*** Opening SOURCE DATA ***
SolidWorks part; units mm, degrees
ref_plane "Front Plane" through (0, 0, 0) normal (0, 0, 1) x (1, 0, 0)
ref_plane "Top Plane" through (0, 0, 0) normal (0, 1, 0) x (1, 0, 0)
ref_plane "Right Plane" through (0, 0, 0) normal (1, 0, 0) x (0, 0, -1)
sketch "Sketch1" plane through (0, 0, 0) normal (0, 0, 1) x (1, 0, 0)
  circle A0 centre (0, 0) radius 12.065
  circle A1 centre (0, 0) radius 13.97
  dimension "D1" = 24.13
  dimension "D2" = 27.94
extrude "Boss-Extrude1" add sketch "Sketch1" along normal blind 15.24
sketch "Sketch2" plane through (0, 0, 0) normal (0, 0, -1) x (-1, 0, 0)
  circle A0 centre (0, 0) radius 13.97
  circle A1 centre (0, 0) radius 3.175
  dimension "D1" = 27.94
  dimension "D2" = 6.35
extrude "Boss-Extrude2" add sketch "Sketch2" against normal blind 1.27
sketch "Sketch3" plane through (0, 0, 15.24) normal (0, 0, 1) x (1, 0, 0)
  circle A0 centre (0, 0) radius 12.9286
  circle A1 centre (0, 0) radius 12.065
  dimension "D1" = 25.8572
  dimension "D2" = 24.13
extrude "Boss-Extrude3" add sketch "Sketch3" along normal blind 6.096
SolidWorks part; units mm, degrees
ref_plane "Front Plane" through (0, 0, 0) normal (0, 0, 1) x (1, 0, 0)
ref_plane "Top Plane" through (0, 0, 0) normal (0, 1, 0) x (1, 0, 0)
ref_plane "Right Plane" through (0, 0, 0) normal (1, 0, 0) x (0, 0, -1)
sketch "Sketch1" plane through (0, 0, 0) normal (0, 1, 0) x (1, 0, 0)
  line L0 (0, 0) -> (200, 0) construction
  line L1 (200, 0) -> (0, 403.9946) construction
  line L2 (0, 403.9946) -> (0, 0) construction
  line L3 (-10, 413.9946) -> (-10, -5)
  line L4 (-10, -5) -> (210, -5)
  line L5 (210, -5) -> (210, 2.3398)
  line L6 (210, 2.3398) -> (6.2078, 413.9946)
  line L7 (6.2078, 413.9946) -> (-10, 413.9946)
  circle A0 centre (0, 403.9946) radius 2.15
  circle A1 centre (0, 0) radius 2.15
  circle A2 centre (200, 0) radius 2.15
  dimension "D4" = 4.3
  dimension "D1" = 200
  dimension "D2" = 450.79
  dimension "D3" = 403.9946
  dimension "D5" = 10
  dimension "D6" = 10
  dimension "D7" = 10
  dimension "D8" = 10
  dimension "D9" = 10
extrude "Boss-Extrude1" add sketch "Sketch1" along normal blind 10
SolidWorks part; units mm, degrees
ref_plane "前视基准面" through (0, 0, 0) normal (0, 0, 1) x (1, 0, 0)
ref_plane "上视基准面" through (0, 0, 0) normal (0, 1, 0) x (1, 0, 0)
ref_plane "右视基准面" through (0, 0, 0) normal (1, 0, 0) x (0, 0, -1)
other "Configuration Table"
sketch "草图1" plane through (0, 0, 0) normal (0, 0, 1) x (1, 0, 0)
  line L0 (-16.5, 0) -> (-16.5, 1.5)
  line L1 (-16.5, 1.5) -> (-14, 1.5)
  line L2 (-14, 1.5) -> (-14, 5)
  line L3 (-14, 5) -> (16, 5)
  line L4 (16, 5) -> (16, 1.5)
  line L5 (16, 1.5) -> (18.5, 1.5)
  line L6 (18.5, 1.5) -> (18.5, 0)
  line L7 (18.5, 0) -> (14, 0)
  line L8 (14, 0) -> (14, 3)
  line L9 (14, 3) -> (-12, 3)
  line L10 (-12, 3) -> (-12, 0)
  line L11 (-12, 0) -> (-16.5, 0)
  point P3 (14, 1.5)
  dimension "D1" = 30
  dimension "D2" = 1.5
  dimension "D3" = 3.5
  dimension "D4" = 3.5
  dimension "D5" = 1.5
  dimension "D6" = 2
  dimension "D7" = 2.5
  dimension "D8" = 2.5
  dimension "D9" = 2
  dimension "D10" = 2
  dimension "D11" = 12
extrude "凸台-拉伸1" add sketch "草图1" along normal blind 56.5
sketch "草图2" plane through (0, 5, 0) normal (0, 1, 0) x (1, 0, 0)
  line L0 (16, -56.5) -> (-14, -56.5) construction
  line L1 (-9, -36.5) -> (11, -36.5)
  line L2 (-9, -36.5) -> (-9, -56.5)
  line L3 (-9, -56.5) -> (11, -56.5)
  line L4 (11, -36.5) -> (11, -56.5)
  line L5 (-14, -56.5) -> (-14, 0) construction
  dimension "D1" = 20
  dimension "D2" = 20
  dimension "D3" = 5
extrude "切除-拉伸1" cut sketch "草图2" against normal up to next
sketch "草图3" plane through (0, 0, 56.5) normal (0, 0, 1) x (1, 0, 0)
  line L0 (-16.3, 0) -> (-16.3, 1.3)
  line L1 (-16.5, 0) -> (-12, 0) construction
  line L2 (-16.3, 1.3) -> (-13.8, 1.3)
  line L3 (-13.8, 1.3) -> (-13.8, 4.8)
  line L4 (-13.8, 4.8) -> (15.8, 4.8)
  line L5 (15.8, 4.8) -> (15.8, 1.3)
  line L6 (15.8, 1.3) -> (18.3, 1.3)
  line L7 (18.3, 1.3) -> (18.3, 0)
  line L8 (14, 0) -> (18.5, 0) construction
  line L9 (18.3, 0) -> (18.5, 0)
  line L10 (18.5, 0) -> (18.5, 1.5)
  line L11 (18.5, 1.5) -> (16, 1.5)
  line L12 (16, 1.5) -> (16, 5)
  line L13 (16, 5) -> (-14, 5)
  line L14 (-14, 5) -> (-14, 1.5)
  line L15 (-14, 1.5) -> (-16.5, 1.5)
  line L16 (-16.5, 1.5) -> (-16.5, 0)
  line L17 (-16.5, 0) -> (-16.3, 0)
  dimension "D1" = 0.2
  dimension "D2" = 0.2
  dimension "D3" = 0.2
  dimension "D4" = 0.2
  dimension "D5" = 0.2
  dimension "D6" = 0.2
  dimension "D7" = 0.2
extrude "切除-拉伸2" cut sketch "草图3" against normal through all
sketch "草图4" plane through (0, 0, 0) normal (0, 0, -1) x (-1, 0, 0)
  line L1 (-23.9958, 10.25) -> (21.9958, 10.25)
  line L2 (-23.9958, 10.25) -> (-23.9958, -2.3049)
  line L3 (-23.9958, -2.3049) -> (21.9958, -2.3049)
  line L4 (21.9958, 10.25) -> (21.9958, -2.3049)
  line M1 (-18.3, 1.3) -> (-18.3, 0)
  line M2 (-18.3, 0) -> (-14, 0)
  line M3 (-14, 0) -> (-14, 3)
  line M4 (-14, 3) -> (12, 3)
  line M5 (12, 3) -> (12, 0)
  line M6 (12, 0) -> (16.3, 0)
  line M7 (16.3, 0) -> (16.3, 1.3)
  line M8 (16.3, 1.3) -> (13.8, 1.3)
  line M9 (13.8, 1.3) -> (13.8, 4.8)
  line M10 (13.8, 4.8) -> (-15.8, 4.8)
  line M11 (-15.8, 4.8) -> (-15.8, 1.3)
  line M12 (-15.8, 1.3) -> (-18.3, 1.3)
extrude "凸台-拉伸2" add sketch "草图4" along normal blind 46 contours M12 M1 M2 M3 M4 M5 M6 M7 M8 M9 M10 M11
*** Closing SOURCE DATA ***
WORK REQUIRED —
Without skipping anything, transcribe every line above exactly.

SOLVED PROBLEM —
SolidWorks part; units mm, degrees
ref_plane "Front Plane" through (0, 0, 0) normal (0, 0, 1) x (1, 0, 0)
ref_plane "Top Plane" through (0, 0, 0) normal (0, 1, 0) x (1, 0, 0)
ref_plane "Right Plane" through (0, 0, 0) normal (1, 0, 0) x (0, 0, -1)
sketch "Sketch1" plane through (0, 0, 0) normal (0, 0, 1) x (1, 0, 0)
  circle A0 centre (0, 0) radius 12.065
  circle A1 centre (0, 0) radius 13.97
  dimension "D1" = 24.13
  dimension "D2" = 27.94
extrude "Boss-Extrude1" add sketch "Sketch1" along normal blind 15.24
sketch "Sketch2" plane through (0, 0, 0) normal (0, 0, -1) x (-1, 0, 0)
  circle A0 centre (0, 0) radius 13.97
  circle A1 centre (0, 0) radius 3.175
  dimension "D1" = 27.94
  dimension "D2" = 6.35
extrude "Boss-Extrude2" add sketch "Sketch2" against normal blind 1.27
sketch "Sketch3" plane through (0, 0, 15.24) normal (0, 0, 1) x (1, 0, 0)
  circle A0 centre (0, 0) radius 12.9286
  circle A1 centre (0, 0) radius 12.065
  dimension "D1" = 25.8572
  dimension "D2" = 24.13
extrude "Boss-Extrude3" add sketch "Sketch3" along normal blind 6.096
SolidWorks part; units mm, degrees
ref_plane "Front Plane" through (0, 0, 0) normal (0, 0, 1) x (1, 0, 0)
ref_plane "Top Plane" through (0, 0, 0) normal (0, 1, 0) x (1, 0, 0)
ref_plane "Right Plane" through (0, 0, 0) normal (1, 0, 0) x (0, 0, -1)
sketch "Sketch1" plane through (0, 0, 0) normal (0, 1, 0) x (1, 0, 0)
  line L0 (0, 0) -> (200, 0) construction
  line L1 (200, 0) -> (0, 403.9946) construction
  line L2 (0, 403.9946) -> (0, 0) construction
  line L3 (-10, 413.9946) -> (-10, -5)
  line L4 (-10, -5) -> (210, -5)
  line L5 (210, -5) -> (210, 2.3398)
  line L6 (210, 2.3398) -> (6.2078, 413.9946)
  line L7 (6.2078, 413.9946) -> (-10, 413.9946)
  circle A0 centre (0, 403.9946) radius 2.15
  circle A1 centre (0, 0) radius 2.15
  circle A2 centre (200, 0) radius 2.15
  dimension "D4" = 4.3
  dimension "D1" = 200
  dimension "D2" = 450.79
  dimension "D3" = 403.9946
  dimension "D5" = 10
  dimension "D6" = 10
  dimension "D7" = 10
  dimension "D8" = 10
  dimension "D9" = 10
extrude "Boss-Extrude1" add sketch "Sketch1" along normal blind 10
SolidWorks part; units mm, degrees
ref_plane "前视基准面" through (0, 0, 0) normal (0, 0, 1) x (1, 0, 0)
ref_plane "上视基准面" through (0, 0, 0) normal (0, 1, 0) x (1, 0, 0)
ref_plane "右视基准面" through (0, 0, 0) normal (1, 0, 0) x (0, 0, -1)
other "Configuration Table"
sketch "草图1" plane through (0, 0, 0) normal (0, 0, 1) x (1, 0, 0)
  line L0 (-16.5, 0) -> (-16.5, 1.5)
  line L1 (-16.5, 1.5) -> (-14, 1.5)
  line L2 (-14, 1.5) -> (-14, 5)
  line L3 (-14, 5) -> (16, 5)
  line L4 (16, 5) -> (16, 1.5)
  line L5 (16, 1.5) -> (18.5, 1.5)
  line L6 (18.5, 1.5) -> (18.5, 0)
  line L7 (18.5, 0) -> (14, 0)
  line L8 (14, 0) -> (14, 3)
  line L9 (14, 3) -> (-12, 3)
  line L10 (-12, 3) -> (-12, 0)
  line L11 (-12, 0) -> (-16.5, 0)
  point P3 (14, 1.5)
  dimension "D1" = 30
  dimension "D2" = 1.5
  dimension "D3" = 3.5
  dimension "D4" = 3.5
  dimension "D5" = 1.5
  dimension "D6" = 2
  dimension "D7" = 2.5
  dimension "D8" = 2.5
  dimension "D9" = 2
  dimension "D10" = 2
  dimension "D11" = 12
extrude "凸台-拉伸1" add sketch "草图1" along normal blind 56.5
sketch "草图2" plane through (0, 5, 0) normal (0, 1, 0) x (1, 0, 0)
  line L0 (16, -56.5) -> (-14, -56.5) construction
  line L1 (-9, -36.5) -> (11, -36.5)
  line L2 (-9, -36.5) -> (-9, -56.5)
  line L3 (-9, -56.5) -> (11, -56.5)
  line L4 (11, -36.5) -> (11, -56.5)
  line L5 (-14, -56.5) -> (-14, 0) construction
  dimension "D1" = 20
  dimension "D2" = 20
  dimension "D3" = 5
extrude "切除-拉伸1" cut sketch "草图2" against normal up to next
sketch "草图3" plane through (0, 0, 56.5) normal (0, 0, 1) x (1, 0, 0)
  line L0 (-16.3, 0) -> (-16.3, 1.3)
  line L1 (-16.5, 0) -> (-12, 0) construction
  line L2 (-16.3, 1.3) -> (-13.8, 1.3)
  line L3 (-13.8, 1.3) -> (-13.8, 4.8)
  line L4 (-13.8, 4.8) -> (15.8, 4.8)
  line L5 (15.8, 4.8) -> (15.8, 1.3)
  line L6 (15.8, 1.3) -> (18.3, 1.3)
  line L7 (18.3, 1.3) -> (18.3, 0)
  line L8 (14, 0) -> (18.5, 0) construction
  line L9 (18.3, 0) -> (18.5, 0)
  line L10 (18.5, 0) -> (18.5, 1.5)
  line L11 (18.5, 1.5) -> (16, 1.5)
  line L12 (16, 1.5) -> (16, 5)
  line L13 (16, 5) -> (-14, 5)
  line L14 (-14, 5) -> (-14, 1.5)
  line L15 (-14, 1.5) -> (-16.5, 1.5)
  line L16 (-16.5, 1.5) -> (-16.5, 0)
  line L17 (-16.5, 0) -> (-16.3, 0)
  dimension "D1" = 0.2
  dimension "D2" = 0.2
  dimension "D3" = 0.2
  dimension "D4" = 0.2
  dimension "D5" = 0.2
  dimension "D6" = 0.2
  dimension "D7" = 0.2
extrude "切除-拉伸2" cut sketch "草图3" against normal through all
sketch "草图4" plane through (0, 0, 0) normal (0, 0, -1) x (-1, 0, 0)
  line L1 (-23.9958, 10.25) -> (21.9958, 10.25)
  line L2 (-23.9958, 10.25) -> (-23.9958, -2.3049)
  line L3 (-23.9958, -2.3049) -> (21.9958, -2.3049)
  line L4 (21.9958, 10.25) -> (21.9958, -2.3049)
  line M1 (-18.3, 1.3) -> (-18.3, 0)
  line M2 (-18.3, 0) -> (-14, 0)
  line M3 (-14, 0) -> (-14, 3)
  line M4 (-14, 3) -> (12, 3)
  line M5 (12, 3) -> (12, 0)
  line M6 (12, 0) -> (16.3, 0)
  line M7 (16.3, 0) -> (16.3, 1.3)
  line M8 (16.3, 1.3) -> (13.8, 1.3)
  line M9 (13.8, 1.3) -> (13.8, 4.8)
  line M10 (13.8, 4.8) -> (-15.8, 4.8)
  line M11 (-15.8, 4.8) -> (-15.8, 1.3)
  line M12 (-15.8, 1.3) -> (-18.3, 1.3)
extrude "凸台-拉伸2" add sketch "草图4" along normal blind 46 contours M12 M1 M2 M3 M4 M5 M6 M7 M8 M9 M10 M11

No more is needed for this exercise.